Once I wash mine I hang them upside down to dry (I use a Benjabelle brush tree I got from Beautylish for this), but you/your daughter could just lay them flat. I also add brush guards to some of them to help them retain their shape as they dry.


----------



## peanut (Mar 24, 2018)

I use the brush shampoo from the London Brush Company.  It rinses so easily and comes in several scents. Lavender is my favorite:

Pure Goat Milk Solid Brush Shampoo: English Lavender | LONDON BRUSH COMPANY

It also comes in a Vegan formula. I agree wholeheartedly about the Benjabelle brush tree!


----------



## Crystal Water (Mar 27, 2018)

I use a kind of neutral detergent. it is good, and not expensive. so i can use my brushes many times. And I think it's better to clean them once a month for health.


----------



## stormborn (Mar 29, 2018)

I use the Sephora brand solid brush cleanser. It's basically like a bar soap that comes with a ribbed rubber pad to scrub brushes against. I really like it. Make sure she avoids getting water in the ferrule (the metal bit that attaches the bristles to the handle) and get her to tilt the brushes downward when drying. I usually roll up a towel and angle the brush handles on that, on top of another towel and leave them to dry for a day or two.


----------



## Tinkerbell79 (Mar 29, 2018)

Thanks everyone!  I am going to buy both of us the brush tree and try baby shampoo.  Her birthday is next week so this will be a nice little addition.  I appreciate the input!


----------



## lenchen (Apr 1, 2018)

peanut said:


> *I use the brush shampoo from the London Brush Company.  It rinses so easily *and comes in several scents. Lavender is my favorite:
> 
> Pure Goat Milk Solid Brush Shampoo: English Lavender | LONDON BRUSH COMPANY
> 
> It also comes in a Vegan formula. I agree wholeheartedly about the Benjabelle brush tree!

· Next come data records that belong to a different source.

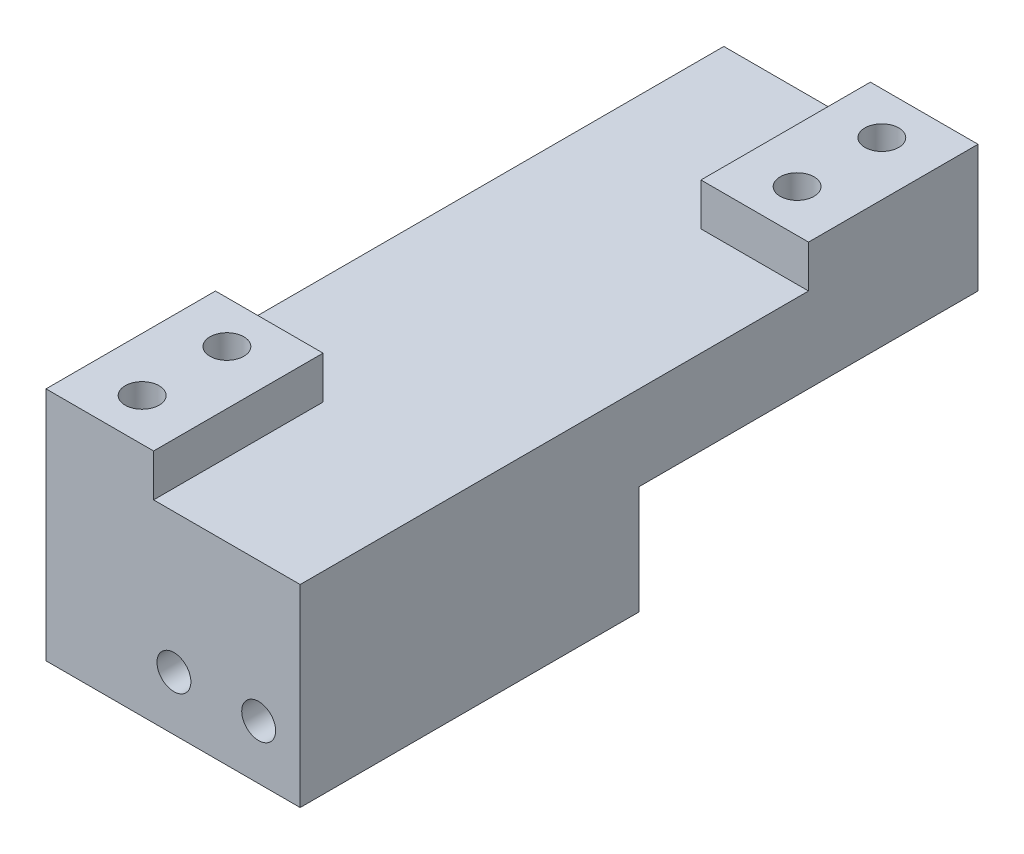
ISO-10303-21;
HEADER;
FILE_DESCRIPTION(('STEP AP214'),'2;1');
FILE_NAME('part.step','',(''),(''),'','','');
FILE_SCHEMA(('AUTOMOTIVE_DESIGN { 1 0 10303 214 1 1 1 1 }'));
ENDSEC;
DATA;
#1=APPLICATION_CONTEXT('core data for automotive mechanical design processes');
#2=APPLICATION_PROTOCOL_DEFINITION('international standard','automotive_design',2000,#1);
#3=PRODUCT_CONTEXT('',#1,'mechanical');
#4=PRODUCT('Part','Part','',(#3));
#5=PRODUCT_RELATED_PRODUCT_CATEGORY('part','',(#4));
#6=PRODUCT_DEFINITION_FORMATION('','',#4);
#7=PRODUCT_DEFINITION_CONTEXT('part definition',#1,'design');
#8=PRODUCT_DEFINITION('design','',#6,#7);
#9=PRODUCT_DEFINITION_SHAPE('','',#8);
#10=(LENGTH_UNIT() NAMED_UNIT(*) SI_UNIT(.MILLI.,.METRE.));
#11=(NAMED_UNIT(*) PLANE_ANGLE_UNIT() SI_UNIT($,.RADIAN.));
#12=(NAMED_UNIT(*) SI_UNIT($,.STERADIAN.) SOLID_ANGLE_UNIT());
#13=UNCERTAINTY_MEASURE_WITH_UNIT(LENGTH_MEASURE(1.E-05),#10,'distance_accuracy_value','');
#14=(GEOMETRIC_REPRESENTATION_CONTEXT(3) GLOBAL_UNCERTAINTY_ASSIGNED_CONTEXT((#13)) GLOBAL_UNIT_ASSIGNED_CONTEXT((#10,
#11,#12)) REPRESENTATION_CONTEXT('',''));
#15=CARTESIAN_POINT('',(0.,0.,0.));
#16=DIRECTION('',(0.,0.,1.));
#17=DIRECTION('',(1.,0.,0.));
#18=AXIS2_PLACEMENT_3D('',#15,#16,#17);
#19=CARTESIAN_POINT('',(0.,30.,0.));
#20=DIRECTION('',(-1.,0.,0.));
#21=DIRECTION('',(0.,0.,1.));
#22=AXIS2_PLACEMENT_3D('',#19,#20,#21);
#23=PLANE('',#22);
#24=DIRECTION('',(0.,-1.,0.));
#25=VECTOR('',#24,1.);
#26=CARTESIAN_POINT('',(0.,30.,0.));
#27=LINE('',#26,#25);
#28=CARTESIAN_POINT('',(0.,30.,0.));
#29=VERTEX_POINT('',#28);
#30=CARTESIAN_POINT('',(0.,7.2,0.));
#31=VERTEX_POINT('',#30);
#32=EDGE_CURVE('E162',#29,#31,#27,.T.);
#33=ORIENTED_EDGE('',*,*,#32,.T.);
#34=DIRECTION('',(0.,0.,-1.));
#35=VECTOR('',#34,1.);
#36=CARTESIAN_POINT('',(0.,7.2,0.));
#37=LINE('',#36,#35);
#38=CARTESIAN_POINT('',(0.,7.2,-40.));
#39=VERTEX_POINT('',#38);
#40=EDGE_CURVE('E138',#31,#39,#37,.T.);
#41=ORIENTED_EDGE('',*,*,#40,.T.);
#42=DIRECTION('',(0.,-1.,0.));
#43=VECTOR('',#42,1.);
#44=CARTESIAN_POINT('',(0.,20.,-40.));
#45=LINE('',#44,#43);
#46=CARTESIAN_POINT('',(0.,20.,-40.));
#47=VERTEX_POINT('',#46);
#48=EDGE_CURVE('E205',#47,#39,#45,.T.);
#49=ORIENTED_EDGE('',*,*,#48,.F.);
#50=DIRECTION('',(0.,0.,-1.));
#51=VECTOR('',#50,1.);
#52=CARTESIAN_POINT('',(0.,20.,-40.));
#53=LINE('',#52,#51);
#54=CARTESIAN_POINT('',(0.,20.,-80.));
#55=VERTEX_POINT('',#54);
#56=EDGE_CURVE('E179',#47,#55,#53,.T.);
#57=ORIENTED_EDGE('',*,*,#56,.T.);
#58=DIRECTION('',(0.,-1.,0.));
#59=VECTOR('',#58,1.);
#60=CARTESIAN_POINT('',(0.,30.,-80.));
#61=LINE('',#60,#59);
#62=CARTESIAN_POINT('',(0.,35.,-80.));
#63=VERTEX_POINT('',#62);
#64=EDGE_CURVE('E47',#63,#55,#61,.T.);
#65=ORIENTED_EDGE('',*,*,#64,.F.);
#66=DIRECTION('',(0.,0.,-1.));
#67=VECTOR('',#66,1.);
#68=CARTESIAN_POINT('',(0.,35.,-80.));
#69=LINE('',#68,#67);
#70=CARTESIAN_POINT('',(0.,35.,-60.));
#71=VERTEX_POINT('',#70);
#72=EDGE_CURVE('E240',#71,#63,#69,.T.);
#73=ORIENTED_EDGE('',*,*,#72,.F.);
#74=DIRECTION('',(0.,-1.,0.));
#75=VECTOR('',#74,1.);
#76=CARTESIAN_POINT('',(0.,35.,-60.));
#77=LINE('',#76,#75);
#78=CARTESIAN_POINT('',(0.,30.,-60.));
#79=VERTEX_POINT('',#78);
#80=EDGE_CURVE('E254',#71,#79,#77,.T.);
#81=ORIENTED_EDGE('',*,*,#80,.T.);
#82=DIRECTION('',(0.,0.,-1.));
#83=VECTOR('',#82,1.);
#84=CARTESIAN_POINT('',(0.,30.,0.));
#85=LINE('',#84,#83);
#86=EDGE_CURVE('E306',#29,#79,#85,.T.);
#87=ORIENTED_EDGE('',*,*,#86,.F.);
#88=EDGE_LOOP('',(#33,#41,#49,#57,#65,#73,#81,#87));
#89=FACE_BOUND('',#88,.T.);
#90=ADVANCED_FACE('F39',(#89),#23,.F.);
#91=CARTESIAN_POINT('',(0.,30.,-80.));
#92=DIRECTION('',(0.,0.,1.));
#93=DIRECTION('',(1.,0.,0.));
#94=AXIS2_PLACEMENT_3D('',#91,#92,#93);
#95=PLANE('',#94);
#96=DIRECTION('',(0.,1.,0.));
#97=VECTOR('',#96,1.);
#98=CARTESIAN_POINT('',(-20.,20.,-80.));
#99=LINE('',#98,#97);
#100=CARTESIAN_POINT('',(-20.,7.2,-80.));
#101=VERTEX_POINT('',#100);
#102=CARTESIAN_POINT('',(-20.,20.,-80.));
#103=VERTEX_POINT('',#102);
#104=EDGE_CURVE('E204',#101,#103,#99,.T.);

same here! I love the London brush company! it's my favourite! I like the lemon and the lavender the best!


----------



## DILLIGAF (Apr 4, 2018)

lenchen said:


> same here! I love the London brush company! it's my favourite! I like the lemon and the lavender the best!



I'm currently using the London Brush Company brush shampoo in the Vegan Coconut Milk formula. Can't say enough good things about this product. I prefer solid cleansers. They seem to do a better job at deep cleaning while also conditioning the brushes. They are also better on beauty sponges.


----------